Saw a beautiful sunrise yesterday. I’d have taken a picture, but I was northbound at 80 mph surrounded by people who were hellbent on maiming and/or killing me, so I kept my attention focused on the task at hand, which was making it safely to Winter Park for day two of the annual VeloNews retreat.

This required me to get up at 4 a.m., which was not pleasant. Picture the monster arising from Dr. Frankenstein’s table, red murder in his freshly undead eyes. During an unpleasant spell in the early Eighties, when I worked for an afternoon daily in Oregon, I had to be on the job at this miserable hour, and I never got used to it.

But at least there was work to be done.
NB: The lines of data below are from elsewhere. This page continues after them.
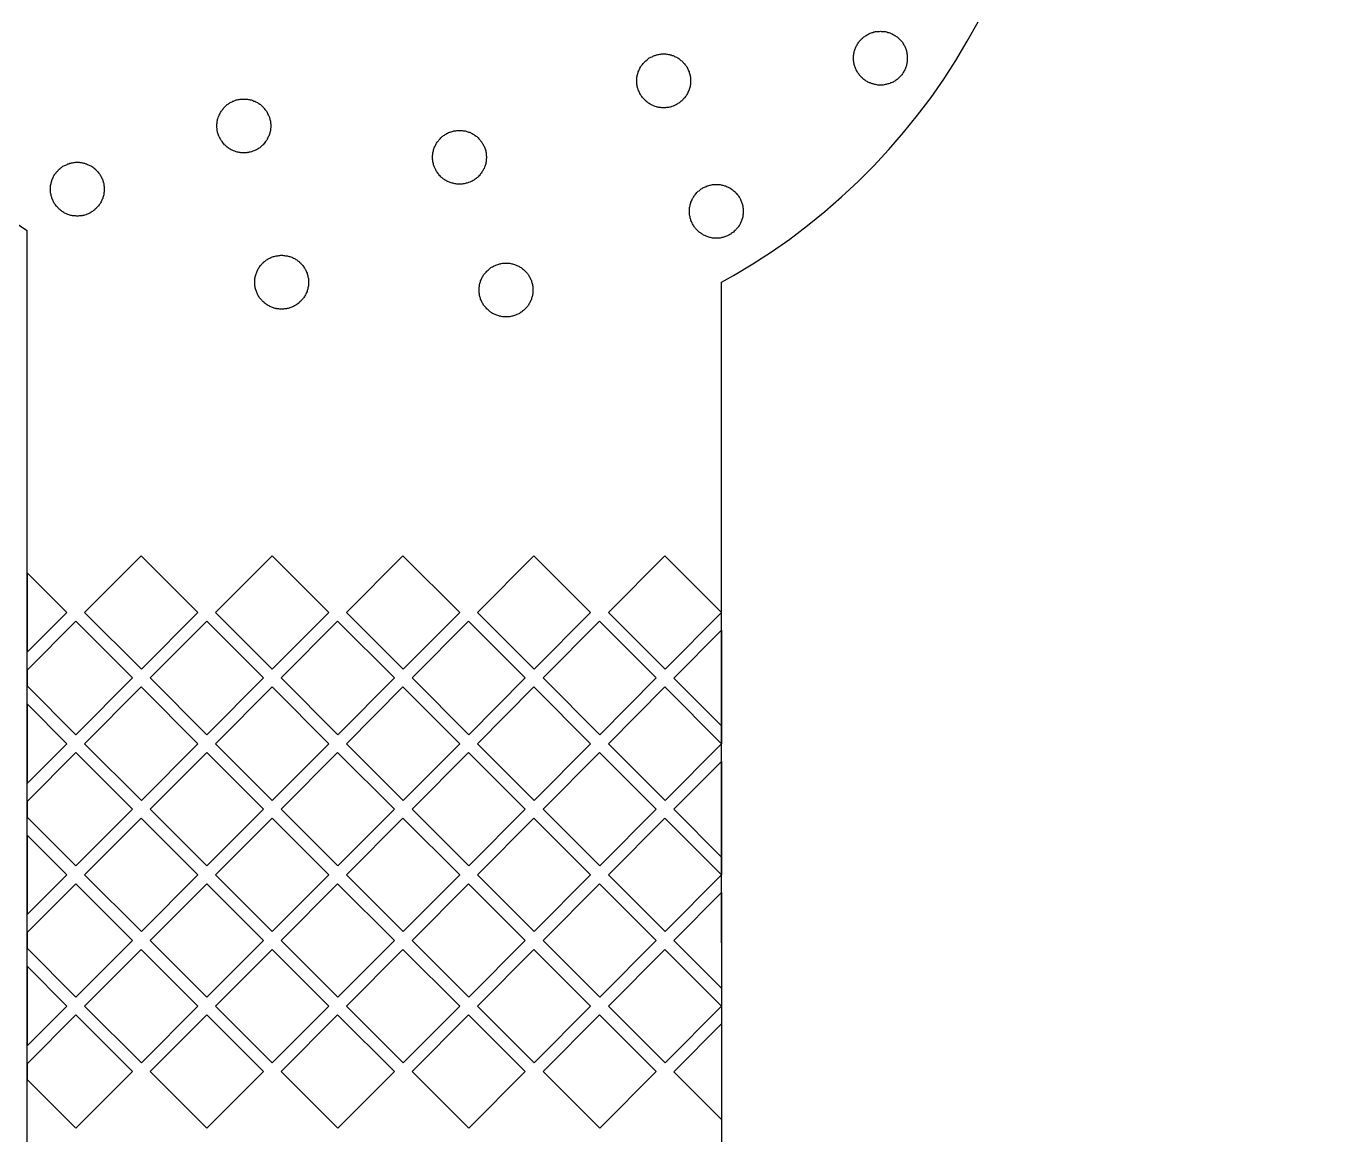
# Model space of a CAD drawing. Extents: x 1225654 to 1325654, y 924838 to 1022543.
# Drawn here: x 1310435 to 1311914, y 994920 to 996165 of the extents above; entities that cross this region are included whole.
import ezdxf

# ---------------------------------------------------------------- set-up
doc = ezdxf.new("R2010")
doc.units = 13

msp = doc.modelspace()

# ---------------------------------------------------------------- linework, layer by layer
for p, q in [((1310436.1, 994797.9), (1310436.1, 995935.5)), ((1311216.2, 995135.4), (1311216.2, 995877.4)), ((1310436.1, 995551.1), (1310436.1, 995461.8)), ((1311216.2, 995486.4), (1311216.2, 995379)), ((1310436.1, 995441.6), (1310436.1, 995424)), ((1310436.1, 995403.7), (1310436.1, 995314.4)), ((1311216.2, 995379), (1311216.2, 995359)), ((1311216.2, 995339), (1311216.2, 995231.7)), ((1310436.1, 995294.2), (1310436.1, 995276.6)), ((1310436.1, 995256.3), (1310436.1, 995167)), ((1311216.2, 995231.7), (1311216.2, 995211.7)), ((1311216.2, 995191.7), (1311216.2, 995084.3)), ((1310436.1, 995146.9), (1310436.1, 995129.2)), ((1311216.2, 995135.4), (1311216.2, 994797.9)), ((1310436.1, 995108.9), (1310436.1, 995019.6)), ((1311216.2, 995084.3), (1311216.2, 995064.3)), ((1311216.2, 995044.3), (1311216.2, 994936.9)), ((1310436.1, 994999.5), (1310436.1, 994981.8))]:
    msp.add_line(p, q)
msp.add_lwpolyline([(1260678.3, 924838.4), (1290630.1, 924838.4, 6.524121)], format="xyb", close=True)
msp.add_lwpolyline([(1260678.3, 924838.4), (1290630.1, 924838.4, 6.524121)], format="xyb", close=True)
for points in [[(1311216.2, 995877.4), (1311229.7, 995885), (1311251.1, 995898), (1311272.3, 995911.5), (1311292.7, 995925.9), (1311312.8, 995941), (1311332.1, 995957), (1311351, 995973.4), (1311369.5, 995990.5), (1311387, 996008.2), (1311404.1, 996026.5), (1311420.5, 996045.4), (1311436.3, 996065), (1311451.4, 996085), (1311465.8, 996105.4), (1311479.3, 996126.4), (1311492.1, 996148), (1311504.2, 996169.8)], [(1310426.5, 995941.7), (1310436.1, 995935.5)], [(1310436.1, 995551.1), (1310480.7, 995506.4), (1310436.1, 995461.8)], [(1310436.1, 995424), (1310490.9, 995369.1), (1310554.4, 995432.8), (1310490.7, 995496.5), (1310436.1, 995441.6)], [(1311216.2, 995486.4), (1311162.6, 995432.7), (1311216.2, 995379)], [(1310436.1, 995403.7), (1310480.7, 995359), (1310436.1, 995314.4)], [(1310436.1, 995276.6), (1310490.9, 995221.7), (1310554.4, 995285.4), (1310490.7, 995349.1), (1310436.1, 995294.2)], [(1311216.2, 995339), (1311162.6, 995285.3), (1311216.2, 995231.7)], [(1310436.1, 995256.3), (1310480.7, 995211.7), (1310436.1, 995167)], [(1310436.1, 995129.2), (1310490.9, 995074.3), (1310554.4, 995138), (1310490.7, 995201.7), (1310436.1, 995146.9)], [(1311216.2, 995191.7), (1311162.6, 995137.9), (1311216.2, 995084.3)], [(1310436.1, 995108.9), (1310480.7, 995064.3), (1310436.1, 995019.6)], [(1310436.1, 994981.8), (1310490.9, 994926.9), (1310554.4, 994990.6), (1310490.7, 995054.3), (1310436.1, 994999.5)], [(1311216.2, 995044.3), (1311162.6, 994990.5), (1311216.2, 994936.9)]]:
    msp.add_lwpolyline(points)
for points in [[(1311394.7, 996098.9), (1311393.5, 996098.9), (1311392.4, 996098.9), (1311391.5, 996098.9), (1311390.4, 996099.2), (1311389.2, 996099.4), (1311388.3, 996099.6), (1311387.2, 996099.8), (1311386.3, 996100.1), (1311385.2, 996100.3), (1311384.3, 996100.8), (1311383.2, 996101.2), (1311382.3, 996101.4), (1311381.4, 996101.8), (1311380.5, 996102.3), (1311379.6, 996103), (1311378.7, 996103.4), (1311377.8, 996104.1), (1311376.9, 996104.5), (1311376, 996105.2), (1311375.1, 996105.9), (1311374.4, 996106.6), (1311373.5, 996107.3), (1311372.8, 996108.1), (1311372.2, 996108.8), (1311371.5, 996109.7), (1311370.8, 996110.4), (1311370.2, 996111.3), (1311369.5, 996112.2), (1311369, 996113.1), (1311368.3, 996114), (1311367.9, 996114.9), (1311367.4, 996115.8), (1311367, 996116.7), (1311366.6, 996117.8), (1311366.1, 996118.8), (1311365.9, 996119.8), (1311365.6, 996120.8), (1311365.2, 996121.9), (1311365, 996122.8), (1311364.7, 996123.9), (1311364.7, 996124.8), (1311364.5, 996125.9), (1311364.5, 996127), (1311364.3, 996128), (1311364.3, 996129.1), (1311364.3, 996130.2), (1311364.5, 996131.3), (1311364.5, 996132.2), (1311364.7, 996133.3), (1311364.7, 996134.2), (1311365, 996135.4), (1311365.2, 996136.5), (1311365.6, 996137.4), (1311365.9, 996138.5), (1311366.1, 996139.4), (1311366.6, 996140.5), (1311367, 996141.4), (1311367.4, 996142.4), (1311367.9, 996143.3), (1311368.3, 996144.1), (1311369, 996145), (1311369.5, 996146), (1311370.2, 996146.9), (1311370.8, 996147.7), (1311371.5, 996148.6), (1311372.2, 996149.3), (1311372.8, 996150.2), (1311373.5, 996150.9), (1311374.4, 996151.6), (1311375.1, 996152.2), (1311376, 996152.9), (1311376.9, 996153.6), (1311377.8, 996154.3), (1311378.7, 996154.7), (1311379.6, 996155.4), (1311380.5, 996155.8), (1311381.4, 996156.3), (1311382.3, 996156.8), (1311383.2, 996157.2), (1311384.3, 996157.5), (1311385.2, 996157.9), (1311386.3, 996158.1), (1311387.2, 996158.5), (1311388.3, 996158.8), (1311389.2, 996159), (1311390.4, 996159), (1311391.5, 996159.2), (1311392.4, 996159.2), (1311393.5, 996159.2), (1311394.7, 996159.5), (1311395.5, 996159.2), (1311396.7, 996159.2), (1311397.8, 996159.2), (1311398.7, 996159), (1311399.8, 996159), (1311401, 996158.8), (1311401.9, 996158.5), (1311403, 996158.1), (1311403.9, 996157.9), (1311405, 996157.5), (1311405.9, 996157.2), (1311406.8, 996156.8), (1311407.9, 996156.3), (1311408.8, 996155.8), (1311409.7, 996155.4), (1311410.6, 996154.7), (1311411.5, 996154.3), (1311412.4, 996153.6), (1311413.3, 996152.9), (1311414, 996152.2), (1311414.9, 996151.6), (1311415.6, 996150.9), (1311416.3, 996150.2), (1311417.1, 996149.3), (1311417.8, 996148.6), (1311418.5, 996147.7), (1311419.2, 996146.9), (1311419.6, 996146), (1311420.3, 996145), (1311420.7, 996144.1), (1311421.2, 996143.3), (1311421.9, 996142.4), (1311422.3, 996141.4), (1311422.6, 996140.5), (1311423, 996139.4), (1311423.5, 996138.5), (1311423.7, 996137.4), (1311423.9, 996136.5), (1311424.1, 996135.4), (1311424.3, 996134.2), (1311424.6, 996133.3), (1311424.6, 996132.2), (1311424.8, 996131.3), (1311424.8, 996130.2), (1311424.8, 996129.1), (1311424.8, 996128), (1311424.8, 996127), (1311424.6, 996125.9), (1311424.6, 996124.8), (1311424.3, 996123.9), (1311424.1, 996122.8), (1311423.9, 996121.9), (1311423.7, 996120.8), (1311423.5, 996119.8), (1311423, 996118.8), (1311422.6, 996117.8), (1311422.3, 996116.7), (1311421.9, 996115.8), (1311421.2, 996114.9), (1311420.7, 996114), (1311420.3, 996113.1), (1311419.6, 996112.2), (1311419.2, 996111.3), (1311418.5, 996110.4), (1311417.8, 996109.7), (1311417.1, 996108.8), (1311416.3, 996108.1), (1311415.6, 996107.3), (1311414.9, 996106.6), (1311414, 996105.9), (1311413.3, 996105.2), (1311412.4, 996104.5), (1311411.5, 996104.1), (1311410.6, 996103.4), (1311409.7, 996103), (1311408.8, 996102.3), (1311407.9, 996101.8), (1311406.8, 996101.4), (1311405.9, 996101.2), (1311405, 996100.8), (1311403.9, 996100.3), (1311403, 996100.1), (1311401.9, 996099.8), (1311401, 996099.6), (1311399.8, 996099.4), (1311398.7, 996099.2), (1311397.8, 996098.9), (1311396.7, 996098.9), (1311395.5, 996098.9), (1311394.7, 996098.9), (1311394.7, 996098.9)], [(1311151.2, 996073.3), (1311150.1, 996073.3), (1311148.9, 996073.3), (1311148.1, 996073.5), (1311146.9, 996073.5), (1311145.8, 996073.7), (1311144.9, 996074), (1311143.8, 996074.2), (1311142.9, 996074.4), (1311141.7, 996074.9), (1311140.9, 996075.1), (1311139.7, 996075.6), (1311138.8, 996076), (1311138, 996076.4), (1311136.8, 996076.9), (1311135.9, 996077.3), (1311135, 996078), (1311134.1, 996078.5), (1311133.4, 996079.2), (1311132.5, 996079.8), (1311131.6, 996080.5), (1311131, 996081.2), (1311130.1, 996081.8), (1311129.4, 996082.5), (1311128.7, 996083.4), (1311128, 996084.1), (1311127.4, 996085), (1311126.7, 996085.9), (1311126, 996086.6), (1311125.6, 996087.4), (1311124.9, 996088.4), (1311124.4, 996089.3), (1311124, 996090.4), (1311123.6, 996091.3), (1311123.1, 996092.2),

Meetings prevent the doing of work. While you’re sitting there around the big table, giving your tonsils a good airing, the work is waiting patiently for you to get back to it. Unlike you, work has plenty of time. Meetings also provide the illusion of democracy when in fact business is dictatorial. Sooner or later someone in authority will tell everyone to shut the fuck up and get back to work. But never soon enough.

To be sure, the occasional nugget of intelligence glistens in the dungheap: stats on what is selling, what is growing dusty on the shelves and who is buying; hints about where The Company will direct money and resources, and where it will withhold same; the sort of news a guy can get electronically these days, without the need for a six-hour round trip via Subaru.

But one thing a guy can’t get electronically is a free lunch and a nifty official VeloNews jacket from Descente. So I’ve got that going for me.

• Extra-credit reading: VeloNews.com has a sister site devoted to mountain biking, Singletrack.com. It’s relatively new, and doesn’t have a related magazine to drive eyeballs its way, so I’m pitching you this link to get your opinions about the site. Gimme your thoughts on VeloNews.com too. Think of it as a meeting that you won’t get paid for, but don’t have to drive to.